Iceland's Economic Climate
Over the past two weeks, economic developments took a sharp turn for the worse in Iceland. The country's three main commercial banks, Glitnir, Landsbanki and Kaupthing, collapsed owing to the financial storm now raging in international markets and the government has resorted to exceptional measures to stabilize the situation.
Effects in Iceland
The Icelandic population has been seriously affected. Unemployment is expected to rise significantly. Inflation is already in double digits and will continue to rise in the short term. Icelandic pension funds have lost millions of dollars following the collapse of the three commercial banks. Thousands of Icelanders have lost a considerable part of their life-savings.
The three banks were taken over by the Icelandic Financial Supervisory Authority under the provisions of the Act on the Depositors' and Investors' Guarantee Fund on Oct 6 2008. The purpose of the Act was to maintain an orderly operation of the banking system and to strengthen the position of depositors by giving them priority when allocating assets.
The Icelandic Government is consulting with a number of governments concerning the possibility of providing the Icelandic Central Bank with short term assistance.
There is a good probability that the total assets of Landsbanki will be sufficient to cover the deposits in IceSave, an online savings account in the United Kingdom. The governments of the two countries are reviewing the matter in detail through official channels with a view to finding a mutually satisfactory solution. Contacts between Icelandic and Dutch authorities on the same are ongoing.

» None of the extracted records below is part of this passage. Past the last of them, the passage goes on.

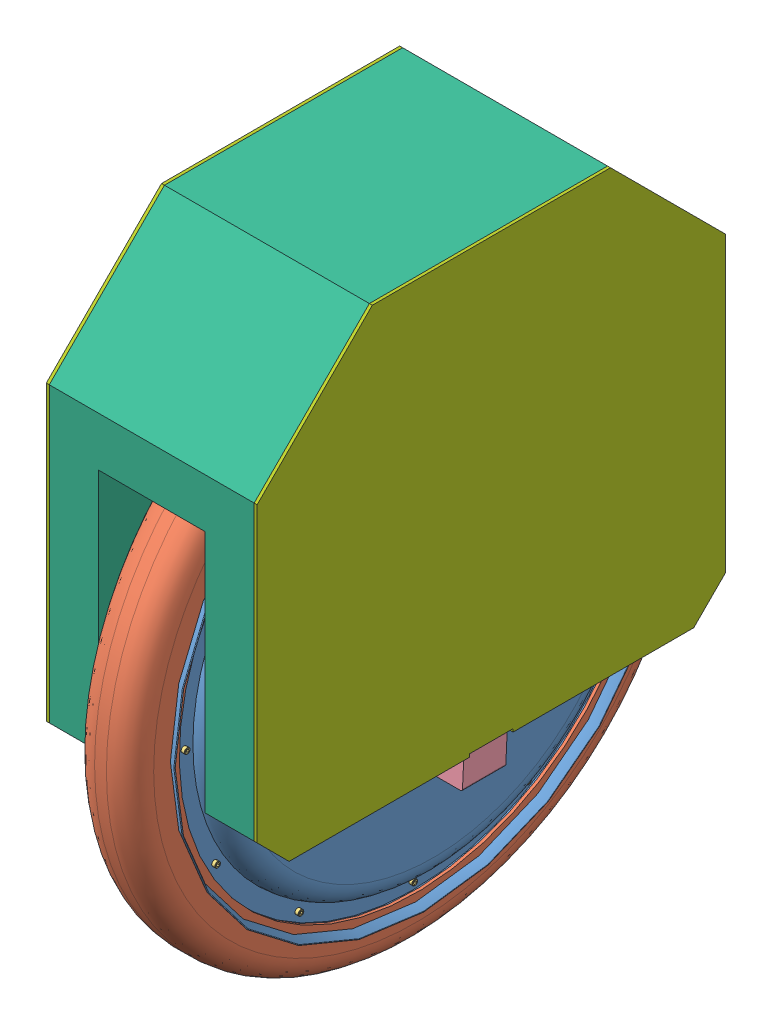
SolidWorks assembly euc0.3, configuration Default. Lengths in mm.
Overall size (364.75 810.04 810.04).
40 component instances, 14 part files, 34 mates.
Components (placement in the parent):
- wheel-1: wheel [Default] at origin size (217.51 810.04 810.04)
  - motor-1: motor [Default] at origin size (188.73 505.83 505.83)
  - tyre-1: tyre [Default] at (-29.8207 0 0) x (1 0 0) z (0 0.587098 0.809516) size (60 580 580)
  - socket head cap screw_ai-1: socket head cap screw_ai [HX-SHCS 0.138-40x0.188x0.188-N] at (29.5052 231 0) x (-1 0 0) z (0 0 -1) size (8.28 5.74 5.74)
  - socket head cap screw_ai-2: socket head cap screw_ai [HX-SHCS 0.138-40x0.188x0.188-N] at (29.5052 200.0519 -115.5) x (-1 0 0) z (0 -0.5 -0.866025) size (8.28 5.74 5.74)
  - socket head cap screw_ai-3: socket head cap screw_ai [HX-SHCS 0.138-40x0.188x0.188-N] at (29.5052 200.0519 115.5) x (-1 0 0) z (0 0.5 -0.866025) size (8.28 5.74 5.74)
  - socket head cap screw_ai-4: socket head cap screw_ai [HX-SHCS 0.138-40x0.188x0.188-N] at (29.5052 115.5 200.0519) x (-1 0 0) z (0 0.866025 -0.5) size (8.28 5.74 5.74)
  - socket head cap screw_ai-5: socket head cap screw_ai [HX-SHCS 0.138-40x0.188x0.188-N] at (29.5052 0 231) x (-1 0 0) z (0 1 0) size (8.28 5.74 5.74)
  - socket head cap screw_ai-6: socket head cap screw_ai [HX-SHCS 0.138-40x0.188x0.188-N] at (29.5052 -115.5 200.0519) x (-1 0 0) z (0 0.866025 0.5) size (8.28 5.74 5.74)
  - socket head cap screw_ai-7: socket head cap screw_ai [HX-SHCS 0.138-40x0.188x0.188-N] at (29.5052 -200.0519 115.5) x (-1 0 0) z (0 0.5 0.866025) size (8.28 5.74 5.74)
  - socket head cap screw_ai-8: socket head cap screw_ai [HX-SHCS 0.138-40x0.188x0.188-N] at (29.5052 -231 0) x (-1 0 0) z (0 0 1) size (8.28 5.74 5.74)
  - socket head cap screw_ai-9: socket head cap screw_ai [HX-SHCS 0.138-40x0.188x0.188-N] at (29.5052 -200.0519 -115.5) x (-1 0 0) z (0 -0.5 0.866025) size (8.28 5.74 5.74)
  - socket head cap screw_ai-10: socket head cap screw_ai [HX-SHCS 0.138-40x0.188x0.188-N] at (29.5052 -115.5 -200.0519) x (-1 0 0) z (0 -0.866025 0.5) size (8.28 5.74 5.74)
  - socket head cap screw_ai-11: socket head cap screw_ai [HX-SHCS 0.138-40x0.188x0.188-N] at (29.5052 0 -231) x (-1 0 0) z (0 -1 0) size (8.28 5.74 5.74)
  - socket head cap screw_ai-12: socket head cap screw_ai [HX-SHCS 0.138-40x0.188x0.188-N] at (29.5052 115.5 -200.0519) x (-1 0 0) z (0 -0.866025 -0.5) size (8.28 5.74 5.74)
  - socket head cap screw_ai-13: socket head cap screw_ai [HX-SHCS 0.138-40x0.188x0.188-N] at (-29.5052 231 0) size (8.28 5.74 5.74)
  - socket head cap screw_ai-14: socket head cap screw_ai [HX-SHCS 0.138-40x0.188x0.188-N] at (-29.5052 200.0519 -115.5) x (1 0 0) z (0 0.5 0.866025) size (8.28 5.74 5.74)
  - socket head cap screw_ai-15: socket head cap screw_ai [HX-SHCS 0.138-40x0.188x0.188-N] at (-29.5052 200.0519 115.5) x (1 0 0) z (0 -0.5 0.866025) size (8.28 5.74 5.74)
  - socket head cap screw_ai-16: socket head cap screw_ai [HX-SHCS 0.138-40x0.188x0.188-N] at (-29.5052 115.5 200.0519) x (1 0 0) z (0 -0.866025 0.5) size (8.28 5.74 5.74)
  - socket head cap screw_ai-17: socket head cap screw_ai [HX-SHCS 0.138-40x0.188x0.188-N] at (-29.5052 0 231) x (1 0 0) z (0 -1 0) size (8.28 5.74 5.74)
  - socket head cap screw_ai-18: socket head cap screw_ai [HX-SHCS 0.138-40x0.188x0.188-N] at (-29.5052 -115.5 200.0519) x (1 0 0) z (0 -0.866025 -0.5) size (8.28 5.74 5.74)
  - socket head cap screw_ai-19: socket head cap screw_ai [HX-SHCS 0.138-40x0.188x0.188-N] at (-29.5052 -200.0519 115.5) x (1 0 0) z (0 -0.5 -0.866025) size (8.28 5.74 5.74)
  - socket head cap screw_ai-20: socket head cap screw_ai [HX-SHCS 0.138-40x0.188x0.188-N] at (-29.5052 -231 0) x (1 0 0) z (0 0 -1) size (8.28 5.74 5.74)
  - socket head cap screw_ai-21: socket head cap screw_ai [HX-SHCS 0.138-40x0.188x0.188-N] at (-29.5052 -200.0519 -115.5) x (1 0 0) z (0 0.5 -0.866025) size (8.28 5.74 5.74)
  - socket head cap screw_ai-22: socket head cap screw_ai [HX-SHCS 0.138-40x0.188x0.188-N] at (-29.5052 -115.5 -200.0519) x (1 0 0) z (0 0.866025 -0.5) size (8.28 5.74 5.74)
  - socket head cap screw_ai-23: socket head cap screw_ai [HX-SHCS 0.138-40x0.188x0.188-N] at (-29.5052 0 -231) x (1 0 0) z (0 1 0) size (8.28 5.74 5.74)
  - socket head cap screw_ai-24: socket head cap screw_ai [HX-SHCS 0.138-40x0.188x0.188-N] at (-29.5052 115.5 -200.0519) x (1 0 0) z (0 0.866025 0.5) size (8.28 5.74 5.74)
  - pedal hanger1-1: pedal hanger1 [Default] at (128.9328 -140.4403 -75.0082) x (0.997537 -0.070149 0) z (-0.006861 -0.09757 0.995205) size (54.31 133.41 56.48)
  - pedal hanger2-1: pedal hanger2 [Default] at (-128.9328 -140.4403 75.0082) x (-0.997537 -0.070149 0) z (0.006861 -0.09757 -0.995205) size (54.31 133.41 56.48)
- mt60 fem-1: mt60 fem [Default] at (85.5155 -2.714 -4.2673) x (0 1 0) z (0.866025 0 -0.5) size (29 12 12.94) (hidden)
  - Мама^mt60 fem-1: Мама^mt60 fem [По умолчанию] at (18.214 0 0) x (0 0 -1) z (1 0 0) size (12.94 12 20) (virtual)
  - Колпачек 2^mt60 fem-1: Колпачек 2^mt60 fem [По умолчанию] at (35.714 0 0) x (0 0 -1) z (1 0 0) size (12.94 12 13) (virtual)
  - Деталь11^mt60 fem-1: Деталь11^mt60 fem [По умолчанию] at (44.714 0 0) x (0 0 -1) z (1 0 0) size (8 7.46 6.5) (virtual)
- Chassis^euc0.3-3: Chassis^euc0.3 [Default] at origin size (208 446.65 475.61) (virtual)
- Lid-1: Lid [Default] at (104 0 0) x (0 0 -1) z (1 0 0) size (475.61 446.65 3)
- Lid-2: Lid [Default] at (-104 0 0) x (0 0 1) z (-1 0 0) size (475.61 446.65 3)
- Battery-1: Battery [Default] at (75 -47.6654 124.2759) x (0 0 -1) z (1 0 0) size (162 240 36)
- Battery2-1: Battery2 [Default] at (75 -56.177 -111.8756) x (0 0 -1) z (1 0 0) size (162 260 36)
- Battery3-1: Battery3 [Default] at (-75 -53.3809 -117.2218) x (0 0 -1) z (1 0 0) size (162 260 36)
- Battery4-1: Battery4 [Default] at (-75 -49.6513 119.4462) x (0 0 -1) z (1 0 0) size (162 260 36)
Mates (geometry in assembly coordinates):
- Lock1: lock: unknown of wheel-1/pedal hanger1-1; unknown of Chassis-1/Internal chassis-1
- Parallel1: parallel anti-aligned: plane of Chassis-1/Internal chassis-1 through (0 28 0) normal (0 1 0); plane of mt60 fem-1/Copy of Мама^mt60 fem-1 through (90.0311 15.5 3.5538) normal (0 -1 0)
- Parallel2: parallel aligned: plane of Chassis-1/Internal chassis-1 through (57 28 288) normal (1 0 0); plane of mt60 fem-1/Copy of Мама^mt60 fem-1 through (93 29 3.5538) normal (1 0 0)
- Coincident3: coincident anti-aligned: plane of Chassis-1/Internal chassis-1 through (93 7.266 3.5) normal (-1 0 0); plane of mt60 fem-1/Copy of Мама^mt60 fem-1 through (93 29 3.5538) normal (1 0 0)
- Coincident4: coincident anti-aligned: plane of Chassis-1/Internal chassis-1 through (82.4378 7.266 2.5981) normal (0.5 0 -0.866025); plane of mt60 fem-1/Copy of Мама^mt60 fem-1 through (82.4845 29 2.625) normal (-0.5 0 0.866025)
- Coincident5: coincident aligned: plane of Chassis-1/Internal chassis-1 through (100 25 0) normal (0 -1 0); plane of mt60 fem-1/Copy of Мама^mt60 fem-1 through (83.9689 25 0.0538) normal (0 -1 0)
- Coincident18: coincident anti-aligned: plane of Chassis-1/Internal chassis-1 through (57 28 288) normal (1 0 0); plane of Battery1-1 through (57 187.8877 190.3024) normal (-1 0 0)
- Coincident23: coincident anti-aligned: plane of Chassis-1/Internal chassis-1 through (57 28 288) normal (1 0 0); plane of Battery2-2 through (57 212.7697 -24.9641) normal (-1 0 0)
- Parallel5: parallel aligned: plane of Chassis-1/Internal chassis-1 through (0 28 0) normal (0 1 0); plane of Battery1-1 through (75 187.8877 109.3024) normal (0 1 0)
- Parallel6: parallel aligned: plane of Chassis-1/Internal chassis-1 through (0 28 0) normal (0 1 0); plane of Battery2-2 through (75 212.7697 -105.9641) normal (0 1 0)
- InPlace2: in place: plane of ? through (57 28 288) normal (1 0 0); plane of ? through (57 0 0) normal (1 0 0); moOrthogonalPlaneRef_w of ? through (57 28 288) normal (1 0 0); plane of ? through (57 0 0) normal (0 1 0); plane of ? through (57 28 288) normal (1 0 0); plane of ? through (57 0 0) normal (0 0 -1); plane of ? through (57 28 288) normal (1 0 0); unknown of ?
- Coincident26: coincident aligned: plane of ?; plane of ?
- Coincident27: coincident aligned: moOrthogonalPlaneRef_w of Chassis-1/Internal chassis-1 through (57 0 0) normal (0 1 0); plane of Lid^euc0.2-2 through (57 0 0) normal (0 1 0)
- Coincident28: coincident anti-aligned: moOrthogonalPlaneRef_w of Chassis-1/Internal chassis-1 through (57 0 0) normal (0 0 1); plane of Lid^euc0.2-2 through (57 0 0) normal (0 0 -1)
- InPlace3: in place: plane of ? through (0 303.0294 0) normal (0 1 0); plane of ? through (0 303.0294 0) normal (0 1 0); plane of ? through (0 303.0294 0) normal (0 1 0); plane of ? through (0 303.0294 0) normal (0 0 -1); plane of ? through (0 303.0294 0) normal (0 1 0); plane of ? through (0 303.0294 0) normal (1 0 0); plane of ? through (0 303.0294 0) normal (0 1 0); unknown of ?
- Coincident1482: coincident aligned: plane of ?; plane of ?
- Coincident1483: coincident aligned: moOrthogonalPlaneRef_w of top chassis^euc0.2-1 through (0 303.0294 0) normal (0 0 -1); plane of Pcb plate^euc0.2-1 through (0 303.0294 0) normal (0 0 -1)
- Coincident1484: coincident anti-aligned: moOrthogonalPlaneRef_w of top chassis^euc0.2-1 through (0 303.0294 0) normal (-1 0 0); plane of Pcb plate^euc0.2-1 through (0 303.0294 0) normal (1 0 0)
- Coincident1488: coincident anti-aligned: plane of Pcb plate^euc0.2-1 through (-24 312.0294 76) normal (0 1 0); plane of pcb^euc0.2-1 through (0 312.0294 0) normal (0 -1 0)
- Coincident1489: coincident aligned: plane of Pcb plate^euc0.2-1 through (-40 307.0294 80) normal (0 0 1); plane of pcb^euc0.2-1 through (-28 315.0294 80) normal (0 0 1)
- Coincident1490: coincident anti-aligned: plane of Pcb plate^euc0.2-1 through (28 315.0294 -80) normal (-1 0 0); plane of pcb^euc0.2-1 through (28 315.0294 80) normal (1 0 0)
- Coincident1491: coincident anti-aligned: plane of Chassis-1/Internal chassis-1 through (57 28 288) normal (1 0 0); plane of Battery-2 through (57 183.6915 -26.6601) normal (-1 0 0)
- Coincident1492: coincident anti-aligned: plane of wheel-1/pedal hanger1-1 through (78 -21 22) normal (0.998924 -0.046379 0); plane of Chassis^euc0.3-1/Internal chassis^Chassis_euc0.3-1 through (78.6491 -7.0189 -11.33) normal (-0.998924 0.046379 0)
- InPlace4: in place: plane of ? through (104 0 237.8048) normal (1 0 0); plane of Lid-1 through (104 0 0) normal (1 0 0); plane of ? through (104 0 237.8048) normal (1 0 0); plane of Lid-1 through (104 0 0) normal (0 1 0); plane of ? through (104 0 237.8048) normal (1 0 0); plane of Lid-1 through (104 0 0) normal (0 0 -1); plane of ? through (104 0 237.8048) normal (1 0 0); unknown of Lid-1
- Coincident1493: coincident aligned: plane of ?; plane of ?
- Coincident1494: coincident aligned: moOrthogonalPlaneRef_w of Chassis^euc0.3-3 through (104 0 0) normal (0 1 0); plane of Lid^euc0.3-1 through (104 0 0) normal (0 1 0)
- Coincident1495: coincident anti-aligned: moOrthogonalPlaneRef_w of Chassis^euc0.3-3 through (104 0 0) normal (0 0 1); plane of Lid^euc0.3-1 through (104 0 0) normal (0 0 -1)
- Coincident1496: coincident anti-aligned: plane of Chassis^euc0.3-3 through (-104 0 237.8048) normal (-1 0 0); plane of Lid-2 through (-104 0 0) normal (1 0 0)
- Coincident1497: coincident aligned: plane of Chassis^euc0.3-3 through (-266.8954 375.6488 120.8782) normal (0 1 0); plane of Lid-2 through (-107 375.6488 120.8782) normal (0 1 0)
- Coincident1498: coincident aligned: plane of Chassis^euc0.3-3 through (0 0 237.8048) normal (0 0 1); plane of Lid-2 through (-107 -38.5515 237.8048) normal (0 0 1)
- Coincident1499: coincident anti-aligned: plane of Chassis^euc0.3-3 through (57 0 0) normal (1 0 0); plane of Battery-1 through (57 192.3346 205.2759) normal (-1 0 0)
- Coincident1500: coincident anti-aligned: plane of Chassis^euc0.3-3 through (57 0 0) normal (1 0 0); plane of Battery2-1 through (57 203.823 -30.8756) normal (-1 0 0)
- Coincident1501: coincident anti-aligned: plane of Chassis^euc0.3-3 through (-57 0 0) normal (-1 0 0); plane of Battery3-1 through (-57 206.6191 -36.2218) normal (1 0 0)
- Coincident1502: coincident anti-aligned: plane of Chassis^euc0.3-3 through (-57 0 0) normal (-1 0 0); plane of Battery4-1 through (-57 210.3487 200.4462) normal (1 0 0)

The use of anti-terrorist legislation by the United Kingdom on 9 October 2008 to seize the assets of Icelandic banks was, in the view of the Icelandic government, disproportionate and extreme. The initial measures taken by the British government have since been partially withdrawn.
Iceland used to be one of the Europe's poorest countries, but gradually made a successful transition to a high level of economic prosperity. In 2007, Iceland was ranked on top of the United Nations Human Development Index.
Iceland was able to make the transition by applying modern techniques to the sustainable use of natural resources, including abundant fish stocks and renewable energy. Today, Iceland is a dynamic, technology-driven society with a young and well educated workforce. These and other assets should enable Iceland to endure the current financial storm and regain its former strength over the coming months.
· The Icelandic economy has been seriously affected by the current economic turmoil in international financial markets.
· The Icelandic government is taking deliberate action, including special legislation designated to stabilize the situation.
· The government is consulting with a number of other governments concerning the possibility of providing the Icelandic Central Bank with short term assistance.
· Iceland remains fully committed in its quest for a non-permanent seat of the UN Security Council 2009-2010.